▶ EXERCISE DESCRIPTION
Below are the records; give again exactly the line with "Author: Украинцев", the line with "line L3 (-40, -62.5) -> (-40, 62.5)", and each line that lies between them, and nothing besides.

▶ DATA LISTING
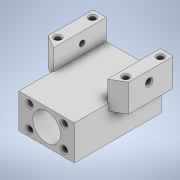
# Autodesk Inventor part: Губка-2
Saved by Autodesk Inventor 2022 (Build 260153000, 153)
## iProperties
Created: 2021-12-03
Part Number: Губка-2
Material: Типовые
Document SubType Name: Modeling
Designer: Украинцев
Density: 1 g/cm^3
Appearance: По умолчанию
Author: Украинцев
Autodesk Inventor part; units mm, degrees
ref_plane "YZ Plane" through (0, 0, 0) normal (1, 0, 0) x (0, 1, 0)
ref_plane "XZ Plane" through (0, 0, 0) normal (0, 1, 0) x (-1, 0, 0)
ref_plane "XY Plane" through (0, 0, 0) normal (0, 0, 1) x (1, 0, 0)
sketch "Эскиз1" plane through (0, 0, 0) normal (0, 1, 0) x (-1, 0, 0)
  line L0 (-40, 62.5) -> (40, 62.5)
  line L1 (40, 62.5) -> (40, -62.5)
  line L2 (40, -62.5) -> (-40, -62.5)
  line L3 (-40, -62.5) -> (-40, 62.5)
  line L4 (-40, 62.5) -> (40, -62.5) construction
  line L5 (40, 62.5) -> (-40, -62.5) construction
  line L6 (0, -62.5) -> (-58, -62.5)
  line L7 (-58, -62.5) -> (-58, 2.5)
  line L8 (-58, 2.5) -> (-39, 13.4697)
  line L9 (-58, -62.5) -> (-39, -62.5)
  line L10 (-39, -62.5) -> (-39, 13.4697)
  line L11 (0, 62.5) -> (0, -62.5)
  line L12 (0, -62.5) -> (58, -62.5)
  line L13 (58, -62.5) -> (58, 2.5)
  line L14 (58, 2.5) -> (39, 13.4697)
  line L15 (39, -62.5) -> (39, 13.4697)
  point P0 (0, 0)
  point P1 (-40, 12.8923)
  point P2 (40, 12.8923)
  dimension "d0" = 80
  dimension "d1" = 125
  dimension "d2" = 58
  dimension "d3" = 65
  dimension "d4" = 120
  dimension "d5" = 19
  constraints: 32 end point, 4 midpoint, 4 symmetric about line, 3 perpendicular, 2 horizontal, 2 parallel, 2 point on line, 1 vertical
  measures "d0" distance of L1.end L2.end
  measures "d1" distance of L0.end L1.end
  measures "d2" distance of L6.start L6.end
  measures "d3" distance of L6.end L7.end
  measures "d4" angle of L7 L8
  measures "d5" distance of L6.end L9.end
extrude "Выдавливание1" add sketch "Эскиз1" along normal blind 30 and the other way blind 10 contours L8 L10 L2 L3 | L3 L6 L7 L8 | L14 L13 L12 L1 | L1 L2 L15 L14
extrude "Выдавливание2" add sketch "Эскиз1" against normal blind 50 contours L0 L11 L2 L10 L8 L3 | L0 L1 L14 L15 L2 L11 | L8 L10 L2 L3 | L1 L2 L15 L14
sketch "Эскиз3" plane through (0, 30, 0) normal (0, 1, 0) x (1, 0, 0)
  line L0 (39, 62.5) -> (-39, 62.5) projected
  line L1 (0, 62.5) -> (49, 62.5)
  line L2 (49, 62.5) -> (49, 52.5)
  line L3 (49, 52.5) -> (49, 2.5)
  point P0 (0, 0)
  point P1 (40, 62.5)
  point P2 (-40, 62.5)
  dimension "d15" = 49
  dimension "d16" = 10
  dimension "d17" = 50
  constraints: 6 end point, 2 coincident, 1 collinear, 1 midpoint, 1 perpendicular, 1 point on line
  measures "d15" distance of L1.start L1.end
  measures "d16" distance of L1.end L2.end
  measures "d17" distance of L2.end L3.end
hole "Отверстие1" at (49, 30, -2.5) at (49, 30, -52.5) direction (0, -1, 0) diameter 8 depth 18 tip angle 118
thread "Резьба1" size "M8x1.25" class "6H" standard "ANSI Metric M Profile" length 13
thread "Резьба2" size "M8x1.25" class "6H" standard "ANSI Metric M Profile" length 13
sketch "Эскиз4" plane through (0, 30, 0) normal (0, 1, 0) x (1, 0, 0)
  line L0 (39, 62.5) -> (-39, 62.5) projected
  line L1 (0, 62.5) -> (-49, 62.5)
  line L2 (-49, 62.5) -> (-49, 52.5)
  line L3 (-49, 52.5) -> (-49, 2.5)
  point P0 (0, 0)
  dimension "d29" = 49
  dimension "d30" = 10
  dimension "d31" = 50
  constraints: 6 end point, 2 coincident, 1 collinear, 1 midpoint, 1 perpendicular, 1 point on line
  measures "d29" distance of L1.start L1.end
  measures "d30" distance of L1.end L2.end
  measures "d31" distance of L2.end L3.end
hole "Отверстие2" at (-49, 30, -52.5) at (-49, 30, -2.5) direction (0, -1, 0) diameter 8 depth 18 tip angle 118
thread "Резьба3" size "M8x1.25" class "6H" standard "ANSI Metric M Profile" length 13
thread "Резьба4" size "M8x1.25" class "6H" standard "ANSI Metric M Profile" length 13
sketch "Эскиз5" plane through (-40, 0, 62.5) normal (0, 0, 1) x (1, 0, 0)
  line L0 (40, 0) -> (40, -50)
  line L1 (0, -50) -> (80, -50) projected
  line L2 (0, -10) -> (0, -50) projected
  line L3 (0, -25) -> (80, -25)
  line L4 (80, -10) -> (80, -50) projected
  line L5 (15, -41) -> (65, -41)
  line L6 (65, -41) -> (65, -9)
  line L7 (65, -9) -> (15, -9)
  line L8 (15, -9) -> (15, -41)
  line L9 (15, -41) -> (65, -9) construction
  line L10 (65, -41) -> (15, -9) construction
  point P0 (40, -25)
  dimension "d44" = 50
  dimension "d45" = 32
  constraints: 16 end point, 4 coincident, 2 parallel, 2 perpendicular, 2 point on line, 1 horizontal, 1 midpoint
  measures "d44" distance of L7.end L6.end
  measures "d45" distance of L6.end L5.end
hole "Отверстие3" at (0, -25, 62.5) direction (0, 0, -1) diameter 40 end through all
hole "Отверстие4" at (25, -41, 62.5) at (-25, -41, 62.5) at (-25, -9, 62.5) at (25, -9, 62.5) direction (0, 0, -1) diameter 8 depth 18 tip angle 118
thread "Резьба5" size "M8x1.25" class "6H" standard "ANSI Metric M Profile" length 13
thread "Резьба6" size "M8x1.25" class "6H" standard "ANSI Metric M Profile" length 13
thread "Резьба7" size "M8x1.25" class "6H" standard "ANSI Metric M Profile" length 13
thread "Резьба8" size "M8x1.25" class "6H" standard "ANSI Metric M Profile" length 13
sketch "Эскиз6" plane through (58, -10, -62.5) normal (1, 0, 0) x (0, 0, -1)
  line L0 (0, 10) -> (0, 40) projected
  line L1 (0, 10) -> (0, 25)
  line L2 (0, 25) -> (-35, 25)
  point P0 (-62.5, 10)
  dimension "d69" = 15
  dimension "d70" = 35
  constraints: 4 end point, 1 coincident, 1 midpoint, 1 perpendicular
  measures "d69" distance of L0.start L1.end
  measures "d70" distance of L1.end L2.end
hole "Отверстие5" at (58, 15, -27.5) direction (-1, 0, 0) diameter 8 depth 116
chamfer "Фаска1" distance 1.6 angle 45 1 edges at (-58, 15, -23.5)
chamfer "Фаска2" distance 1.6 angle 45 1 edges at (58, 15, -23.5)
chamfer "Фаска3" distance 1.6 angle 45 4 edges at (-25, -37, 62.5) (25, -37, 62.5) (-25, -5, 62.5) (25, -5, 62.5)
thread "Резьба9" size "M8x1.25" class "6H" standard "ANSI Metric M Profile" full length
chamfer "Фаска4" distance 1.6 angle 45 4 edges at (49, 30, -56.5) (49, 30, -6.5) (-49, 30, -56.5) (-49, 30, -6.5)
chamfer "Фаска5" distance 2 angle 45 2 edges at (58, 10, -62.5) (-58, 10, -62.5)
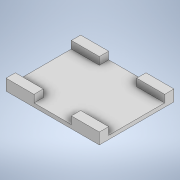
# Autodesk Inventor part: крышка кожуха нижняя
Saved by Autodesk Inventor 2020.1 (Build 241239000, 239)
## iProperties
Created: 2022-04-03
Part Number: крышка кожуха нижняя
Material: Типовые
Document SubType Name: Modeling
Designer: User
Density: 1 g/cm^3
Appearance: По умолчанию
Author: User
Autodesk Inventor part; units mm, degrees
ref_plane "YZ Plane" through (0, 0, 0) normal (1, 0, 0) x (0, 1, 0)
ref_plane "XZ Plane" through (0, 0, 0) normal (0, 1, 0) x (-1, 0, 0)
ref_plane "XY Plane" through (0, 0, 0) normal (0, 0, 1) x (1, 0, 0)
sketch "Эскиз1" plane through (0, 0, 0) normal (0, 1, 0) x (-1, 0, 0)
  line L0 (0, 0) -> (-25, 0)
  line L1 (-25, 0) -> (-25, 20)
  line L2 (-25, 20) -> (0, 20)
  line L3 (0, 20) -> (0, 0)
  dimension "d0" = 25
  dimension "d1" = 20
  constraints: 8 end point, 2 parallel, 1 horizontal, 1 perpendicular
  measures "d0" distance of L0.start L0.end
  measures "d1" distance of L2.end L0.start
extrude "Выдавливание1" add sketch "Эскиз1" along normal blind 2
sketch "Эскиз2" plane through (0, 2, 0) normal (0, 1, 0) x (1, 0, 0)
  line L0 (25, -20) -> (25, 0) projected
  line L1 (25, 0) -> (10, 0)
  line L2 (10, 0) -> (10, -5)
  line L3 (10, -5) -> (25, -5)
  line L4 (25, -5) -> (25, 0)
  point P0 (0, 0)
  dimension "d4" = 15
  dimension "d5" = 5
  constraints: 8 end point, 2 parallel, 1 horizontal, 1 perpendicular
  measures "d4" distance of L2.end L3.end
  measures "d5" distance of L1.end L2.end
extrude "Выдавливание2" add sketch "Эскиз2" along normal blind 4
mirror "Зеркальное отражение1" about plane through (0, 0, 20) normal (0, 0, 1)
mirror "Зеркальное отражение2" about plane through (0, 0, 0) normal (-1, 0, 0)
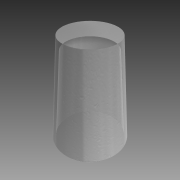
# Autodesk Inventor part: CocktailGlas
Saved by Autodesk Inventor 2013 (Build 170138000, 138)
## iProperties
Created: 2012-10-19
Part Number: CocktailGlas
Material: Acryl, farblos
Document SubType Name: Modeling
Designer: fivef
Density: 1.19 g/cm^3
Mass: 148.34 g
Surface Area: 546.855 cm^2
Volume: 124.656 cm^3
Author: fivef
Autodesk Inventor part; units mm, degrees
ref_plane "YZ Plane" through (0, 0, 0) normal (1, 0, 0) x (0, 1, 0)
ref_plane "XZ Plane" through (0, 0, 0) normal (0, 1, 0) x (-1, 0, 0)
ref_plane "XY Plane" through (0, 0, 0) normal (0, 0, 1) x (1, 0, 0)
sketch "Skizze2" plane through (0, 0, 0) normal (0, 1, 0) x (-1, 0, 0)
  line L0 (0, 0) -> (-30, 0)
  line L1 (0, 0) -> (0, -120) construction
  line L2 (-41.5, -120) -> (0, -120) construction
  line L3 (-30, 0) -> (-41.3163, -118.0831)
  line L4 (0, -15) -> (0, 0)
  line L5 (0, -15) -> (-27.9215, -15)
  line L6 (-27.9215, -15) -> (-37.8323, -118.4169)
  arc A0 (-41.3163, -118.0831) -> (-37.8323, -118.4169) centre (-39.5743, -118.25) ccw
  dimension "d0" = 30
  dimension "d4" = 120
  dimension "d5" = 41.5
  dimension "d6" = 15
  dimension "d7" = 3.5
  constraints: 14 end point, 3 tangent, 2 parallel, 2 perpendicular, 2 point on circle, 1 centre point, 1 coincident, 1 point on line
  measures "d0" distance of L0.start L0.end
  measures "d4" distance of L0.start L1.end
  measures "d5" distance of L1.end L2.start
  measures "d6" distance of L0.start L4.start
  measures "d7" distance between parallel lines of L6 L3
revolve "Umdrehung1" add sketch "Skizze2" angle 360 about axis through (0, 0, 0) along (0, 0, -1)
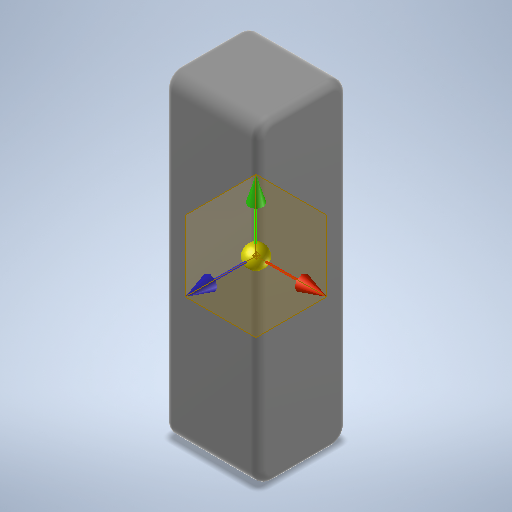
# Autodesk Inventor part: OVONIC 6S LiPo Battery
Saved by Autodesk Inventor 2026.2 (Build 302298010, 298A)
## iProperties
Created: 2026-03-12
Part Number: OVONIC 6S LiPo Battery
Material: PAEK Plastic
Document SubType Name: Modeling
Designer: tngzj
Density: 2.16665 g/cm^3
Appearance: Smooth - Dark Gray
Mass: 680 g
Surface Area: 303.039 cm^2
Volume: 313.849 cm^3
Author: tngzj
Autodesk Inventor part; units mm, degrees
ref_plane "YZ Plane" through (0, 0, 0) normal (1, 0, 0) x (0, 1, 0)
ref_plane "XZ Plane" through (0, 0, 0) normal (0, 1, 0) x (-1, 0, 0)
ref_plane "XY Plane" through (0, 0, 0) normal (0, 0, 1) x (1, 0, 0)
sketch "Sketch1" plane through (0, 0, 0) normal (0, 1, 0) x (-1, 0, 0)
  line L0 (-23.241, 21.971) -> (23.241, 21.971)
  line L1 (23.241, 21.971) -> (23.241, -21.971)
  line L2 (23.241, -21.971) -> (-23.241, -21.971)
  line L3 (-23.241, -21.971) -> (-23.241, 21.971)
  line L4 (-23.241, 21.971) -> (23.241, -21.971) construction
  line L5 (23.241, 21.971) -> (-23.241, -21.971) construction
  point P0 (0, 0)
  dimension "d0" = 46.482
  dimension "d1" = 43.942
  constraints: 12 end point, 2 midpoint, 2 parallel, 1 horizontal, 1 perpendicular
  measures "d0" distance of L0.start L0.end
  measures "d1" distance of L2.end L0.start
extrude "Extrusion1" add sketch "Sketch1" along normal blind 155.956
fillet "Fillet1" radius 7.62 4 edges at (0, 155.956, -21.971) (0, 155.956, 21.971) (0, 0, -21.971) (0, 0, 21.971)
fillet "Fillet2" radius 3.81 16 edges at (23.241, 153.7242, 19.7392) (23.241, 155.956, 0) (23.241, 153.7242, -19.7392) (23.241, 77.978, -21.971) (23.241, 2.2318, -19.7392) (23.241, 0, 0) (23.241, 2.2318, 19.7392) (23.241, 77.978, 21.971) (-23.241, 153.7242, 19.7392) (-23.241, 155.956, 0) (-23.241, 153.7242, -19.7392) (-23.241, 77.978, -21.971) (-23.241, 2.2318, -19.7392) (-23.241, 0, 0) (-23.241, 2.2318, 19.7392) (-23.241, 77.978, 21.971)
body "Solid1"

▶ RESULT BELOW
Author: Украинцев
Autodesk Inventor part; units mm, degrees
ref_plane "YZ Plane" through (0, 0, 0) normal (1, 0, 0) x (0, 1, 0)
ref_plane "XZ Plane" through (0, 0, 0) normal (0, 1, 0) x (-1, 0, 0)
ref_plane "XY Plane" through (0, 0, 0) normal (0, 0, 1) x (1, 0, 0)
sketch "Эскиз1" plane through (0, 0, 0) normal (0, 1, 0) x (-1, 0, 0)
  line L0 (-40, 62.5) -> (40, 62.5)
  line L1 (40, 62.5) -> (40, -62.5)
  line L2 (40, -62.5) -> (-40, -62.5)
  line L3 (-40, -62.5) -> (-40, 62.5)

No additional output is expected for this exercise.